The course is set and looks and shoots great!!! Should be a fantastic shoot tomorrow! There will be directional signs on Hwy 80 to point you to the right place. Dont hesitate to call if you need any help finding the club 478-697-8553


----------



## dutchman (Jan 19, 2014)

Hope y'all have a big crowd and a bigger time!


----------



## gtfisherman (Jan 21, 2014)

*First ever 3D shoot*

First I want to say what a great bunch of people this is period (Gon Traditional Archers) but let me also add that if you aren't attending any of these shoots you are missing out. The amount I learn at every event is awesome. I'm new to this (4 years of shooting) and need all the help I can get. 

In any case... Here's the pics of our hero shots... At least those I was along for. I shot the course 3 times Sunday and thought it was really good. A lot like hunting. Good practice in my own humble opinion...













I shot a couple of really trophy trees...

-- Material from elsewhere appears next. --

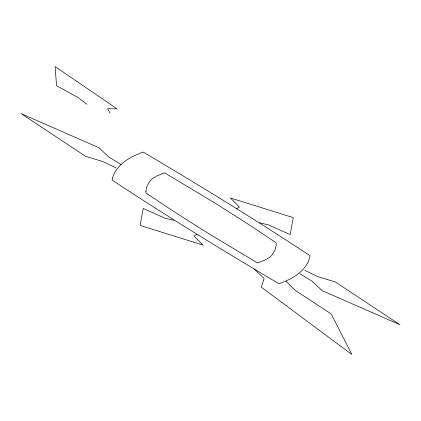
<?xml version="1.0" encoding="UTF-8"?>
<svg xmlns="http://www.w3.org/2000/svg" width="421" height="421" viewBox="0 0 421 421"><rect width="100%" height="100%" fill="white"/><g stroke="black" fill="none" stroke-linecap="round" stroke-linejoin="round"><path stroke-width="0.63" d="M236.607 208.721L239.412 207.011L230.376 197.954L293.29 217.62L290.195 234.56L268.798 224.993L259.594 222.783M196.786 234.329L193.981 236.039L203.017 245.09L140.109 225.424L143.198 208.49L164.595 218.052L173.805 220.262M116.128 167.947L102.456 161.411L85.779 156.423L21.05 113.565L98.861 147.687L108.881 157.117L121.153 164.59M304.872 270.361L318.544 276.897L335.221 281.886L399.95 324.744L322.139 290.622L312.119 281.191L299.847 273.718M86.889 104.229L77.885 97.398L56.577 85.758L55.072 66.539L116.991 108.85L107.566 108.739L110.102 113.102M254.047 268.956L264.135 278.492L261.352 287.196L351.845 354.461L331.18 313.887L295.163 290.348L285.938 281.149M145.892 191.429L146.029 193.039L166.663 206.806A605.209 111.328 27.3 0 0 178.683 214.61L196.133 225.745A387.278 71.238 27.3 0 0 209.216 233.913L257.557 262.988L265.219 259.931L269.856 257.089A387.278 71.238 27.3 0 0 272.171 254.81L274.434 251.211A605.209 111.328 27.3 0 0 275.529 248.416L276.244 245.085L276.155 242.775L255.526 229.008A605.209 111.328 27.3 0 0 243.506 221.204L226.056 210.068A387.278 71.238 27.3 0 0 212.973 201.906L164.632 172.831L156.965 175.883L152.334 178.725A387.278 71.238 27.3 0 0 150.018 181.004L147.755 184.608A605.209 111.328 27.3 0 0 146.655 187.398L145.892 191.429M112.249 178.967L112.091 180.067C166.711 216.168 222.593 250.332 278.913 283.707C292.174 279.207 307.309 270.703 310.093 255.747C255.473 219.651 199.591 185.487 143.272 152.113C130.263 156.523 115.786 164.648 112.249 178.967"/></g></svg>

A hundred yard hit on the elk target.




The dog (Teddy) did it...




Another trophy stick... 









Can't wait till next month and hope to see some of you guys down there with us.


----------



## rehatch (Jan 21, 2014)

Thanks for posting these pics! It was great meeting you the other day.  At this rate, the course will be wide open in a couple of months with all these poor trophy trees being taken!  I cannot wait for next month to do it all again! Hopefully I'll have a few pics to add to this in the next day or so when I get a chance to upload them.


----------